(Records contained in a dataset)
────────
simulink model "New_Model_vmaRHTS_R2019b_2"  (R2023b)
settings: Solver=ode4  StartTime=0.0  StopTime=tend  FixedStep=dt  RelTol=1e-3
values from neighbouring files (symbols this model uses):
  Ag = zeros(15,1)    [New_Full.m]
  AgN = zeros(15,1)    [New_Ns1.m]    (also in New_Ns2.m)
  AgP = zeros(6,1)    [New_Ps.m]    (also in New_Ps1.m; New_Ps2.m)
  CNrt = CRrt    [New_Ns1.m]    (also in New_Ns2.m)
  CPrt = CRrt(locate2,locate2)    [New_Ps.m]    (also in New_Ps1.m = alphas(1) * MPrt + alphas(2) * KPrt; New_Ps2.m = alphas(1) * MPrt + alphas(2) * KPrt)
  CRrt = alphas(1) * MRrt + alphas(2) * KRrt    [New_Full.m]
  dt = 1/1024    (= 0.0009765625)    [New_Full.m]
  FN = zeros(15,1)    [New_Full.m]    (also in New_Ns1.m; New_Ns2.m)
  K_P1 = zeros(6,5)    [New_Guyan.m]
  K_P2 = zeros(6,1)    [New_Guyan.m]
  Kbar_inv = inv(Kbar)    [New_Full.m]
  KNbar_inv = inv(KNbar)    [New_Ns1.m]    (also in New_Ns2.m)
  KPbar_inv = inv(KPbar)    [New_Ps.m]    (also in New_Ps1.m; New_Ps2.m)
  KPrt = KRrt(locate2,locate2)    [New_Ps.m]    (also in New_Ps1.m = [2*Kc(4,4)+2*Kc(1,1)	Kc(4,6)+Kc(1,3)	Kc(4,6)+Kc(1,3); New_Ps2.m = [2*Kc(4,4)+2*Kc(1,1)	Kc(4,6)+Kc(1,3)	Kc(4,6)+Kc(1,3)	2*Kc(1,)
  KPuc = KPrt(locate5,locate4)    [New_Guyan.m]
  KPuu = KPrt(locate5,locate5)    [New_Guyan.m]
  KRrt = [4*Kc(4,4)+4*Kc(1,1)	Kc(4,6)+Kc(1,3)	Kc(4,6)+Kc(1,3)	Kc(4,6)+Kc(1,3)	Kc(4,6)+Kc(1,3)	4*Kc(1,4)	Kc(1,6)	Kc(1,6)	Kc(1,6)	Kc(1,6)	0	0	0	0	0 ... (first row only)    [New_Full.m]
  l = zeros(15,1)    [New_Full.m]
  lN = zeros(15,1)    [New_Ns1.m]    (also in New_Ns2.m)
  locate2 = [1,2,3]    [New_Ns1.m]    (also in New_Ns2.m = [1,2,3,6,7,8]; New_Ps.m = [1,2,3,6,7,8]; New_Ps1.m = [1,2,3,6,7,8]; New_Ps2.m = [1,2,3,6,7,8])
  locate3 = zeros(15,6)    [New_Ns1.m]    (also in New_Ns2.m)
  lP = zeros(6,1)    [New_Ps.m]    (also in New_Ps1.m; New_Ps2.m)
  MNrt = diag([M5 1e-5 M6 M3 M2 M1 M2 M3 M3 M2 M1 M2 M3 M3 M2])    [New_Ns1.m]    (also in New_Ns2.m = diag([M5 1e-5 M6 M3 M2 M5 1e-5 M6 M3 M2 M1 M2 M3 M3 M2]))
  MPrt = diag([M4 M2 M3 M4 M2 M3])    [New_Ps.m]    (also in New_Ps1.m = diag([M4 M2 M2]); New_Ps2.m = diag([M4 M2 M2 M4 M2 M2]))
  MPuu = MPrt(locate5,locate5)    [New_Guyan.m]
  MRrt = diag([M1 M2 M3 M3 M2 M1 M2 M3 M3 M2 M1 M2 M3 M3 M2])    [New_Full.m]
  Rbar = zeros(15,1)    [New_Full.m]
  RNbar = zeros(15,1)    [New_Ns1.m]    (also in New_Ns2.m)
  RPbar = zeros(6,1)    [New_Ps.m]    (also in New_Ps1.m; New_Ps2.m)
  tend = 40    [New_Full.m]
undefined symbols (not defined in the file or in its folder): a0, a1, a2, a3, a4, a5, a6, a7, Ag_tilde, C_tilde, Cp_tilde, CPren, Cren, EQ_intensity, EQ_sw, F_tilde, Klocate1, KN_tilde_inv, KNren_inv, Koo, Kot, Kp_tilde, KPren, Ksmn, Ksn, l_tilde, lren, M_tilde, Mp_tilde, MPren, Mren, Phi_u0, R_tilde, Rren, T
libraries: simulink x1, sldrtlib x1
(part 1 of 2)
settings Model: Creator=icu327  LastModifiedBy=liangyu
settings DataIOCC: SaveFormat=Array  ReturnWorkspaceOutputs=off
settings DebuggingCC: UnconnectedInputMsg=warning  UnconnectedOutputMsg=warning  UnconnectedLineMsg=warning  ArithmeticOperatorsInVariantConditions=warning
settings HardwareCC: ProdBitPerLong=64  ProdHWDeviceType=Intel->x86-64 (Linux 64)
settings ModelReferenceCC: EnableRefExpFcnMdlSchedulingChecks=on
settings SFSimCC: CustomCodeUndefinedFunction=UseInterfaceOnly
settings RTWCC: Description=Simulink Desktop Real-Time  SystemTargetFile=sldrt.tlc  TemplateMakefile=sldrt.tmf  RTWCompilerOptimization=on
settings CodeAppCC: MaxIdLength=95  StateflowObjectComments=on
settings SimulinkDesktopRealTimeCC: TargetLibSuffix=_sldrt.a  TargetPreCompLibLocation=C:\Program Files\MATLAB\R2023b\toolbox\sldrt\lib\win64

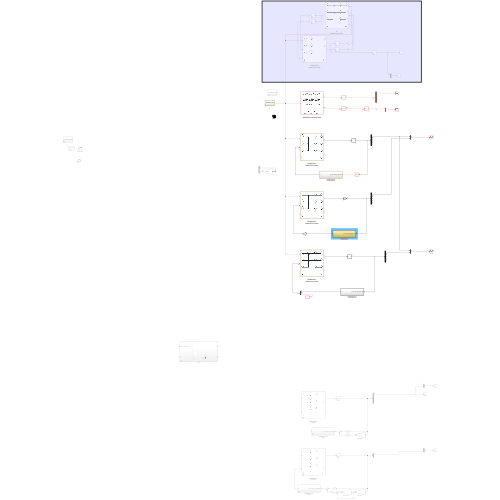
[thumbnail: Simulink's stored preview of the top-level diagram]
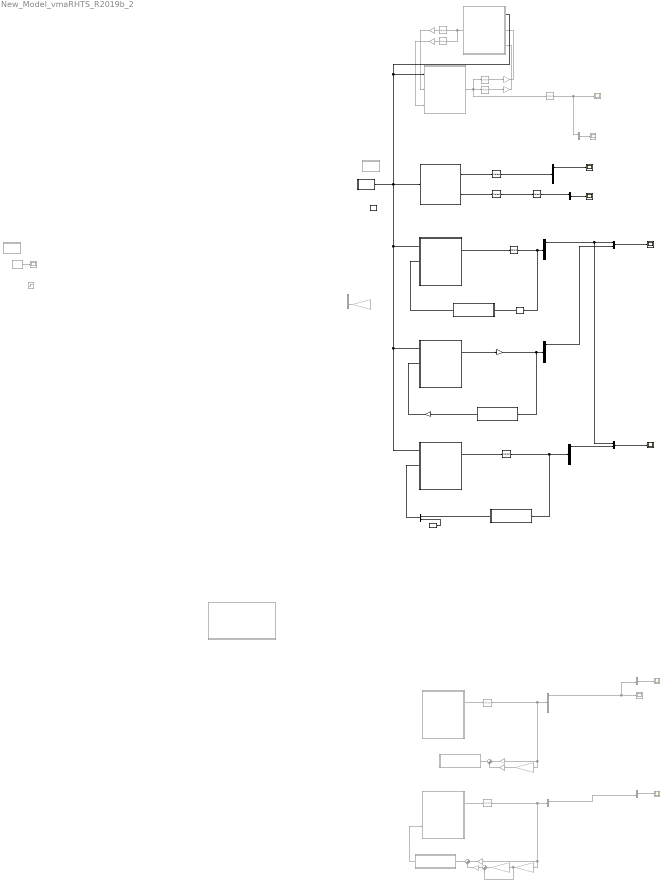
== system New_Model_vmaRHTS_R2019b_2 ==
  " 1" : Subsystem  Commented=on
  " 2" : Subsystem
  " 3" : Subsystem  Commented=on
  " NUMERICAL Guyan" : Subsystem  Commented=on
      mask Display: image('$imagefile'); % Use "Edit Image" on toolstrip to change.
  " NUMERICAL Guyan1" : Subsystem  Commented=on
      mask Display: image('$imagefile'); % Use "Edit Image" on toolstrip to change.
  " NUMERICAL SUBSTRUCTURE" : Subsystem  Commented=on
      mask Display: image('$imagefile'); % Use "Edit Image" on toolstrip to change.
  " NUMERICAL SUBSTRUCTURE1" : Subsystem
      mask Display: image('$imagefile'); % Use "Edit Image" on toolstrip to change.
  " NUMERICAL SUBSTRUCTURE2" : Subsystem
      mask Display: image('$imagefile'); % Use "Edit Image" on toolstrip to change.
  " NUMERICAL SUBSTRUCTURE3" : Subsystem
      mask Display: image('$imagefile'); % Use "Edit Image" on toolstrip to change.
  " Ps SUBSTRUCTURE1" : Subsystem  Commented=on
      mask Display: image('$imagefile'); % Use "Edit Image" on toolstrip to change.
  " REFERENCE STRUCTURE" : Subsystem
      mask Display: image('$imagefile'); % Use "Edit Image" on toolstrip to change.
  CBtest : Subsystem  Commented=on
  Chirp Signal1 : simulink/Sources/Chirp Signal  f1=0.1  T=tend  f2=10
  Constant3 : Constant  Value=zeros(3,1)  VectorParams1D=off
  Delay : Delay
  Demux : Demux  Outputs=6
  Demux1 : Demux  Outputs=6
  Demux2 : Demux  Commented=on  Outputs=5
  Demux3 : Demux  Commented=on  Outputs=2
  Demux4 : Demux  Outputs=5
  Demux5 : Demux  Outputs=5
  Feedback Force Computation1 : Subsystem
  Feedback Force Computation2 : Subsystem
  Feedback Force Computation3 : Subsystem
  Feedback Force Guyan : Subsystem  Commented=on
  Feedback Force Guyan1 : Subsystem  Commented=on
  Gain : Gain  Commented=on  Gain=K_P1  Multiplication=Matrix(K*u) (u vector)
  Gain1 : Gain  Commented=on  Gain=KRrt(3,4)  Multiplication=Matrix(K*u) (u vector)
────────
* **INSTRUCTIONS TO FOLLOW**
Find every line above where the word "symbols" occurs, and copy that line.

* **PROBLEM SOLUTION**
values from neighbouring files (symbols this model uses):
undefined symbols (not defined in the file or in its folder): a0, a1, a2, a3, a4, a5, a6, a7, Ag_tilde, C_tilde, Cp_tilde, CPren, Cren, EQ_intensity, EQ_sw, F_tilde, Klocate1, KN_tilde_inv, KNren_inv, Koo, Kot, Kp_tilde, KPren, Ksmn, Ksn, l_tilde, lren, M_tilde, Mp_tilde, MPren, Mren, Phi_u0, R_tilde, Rren, T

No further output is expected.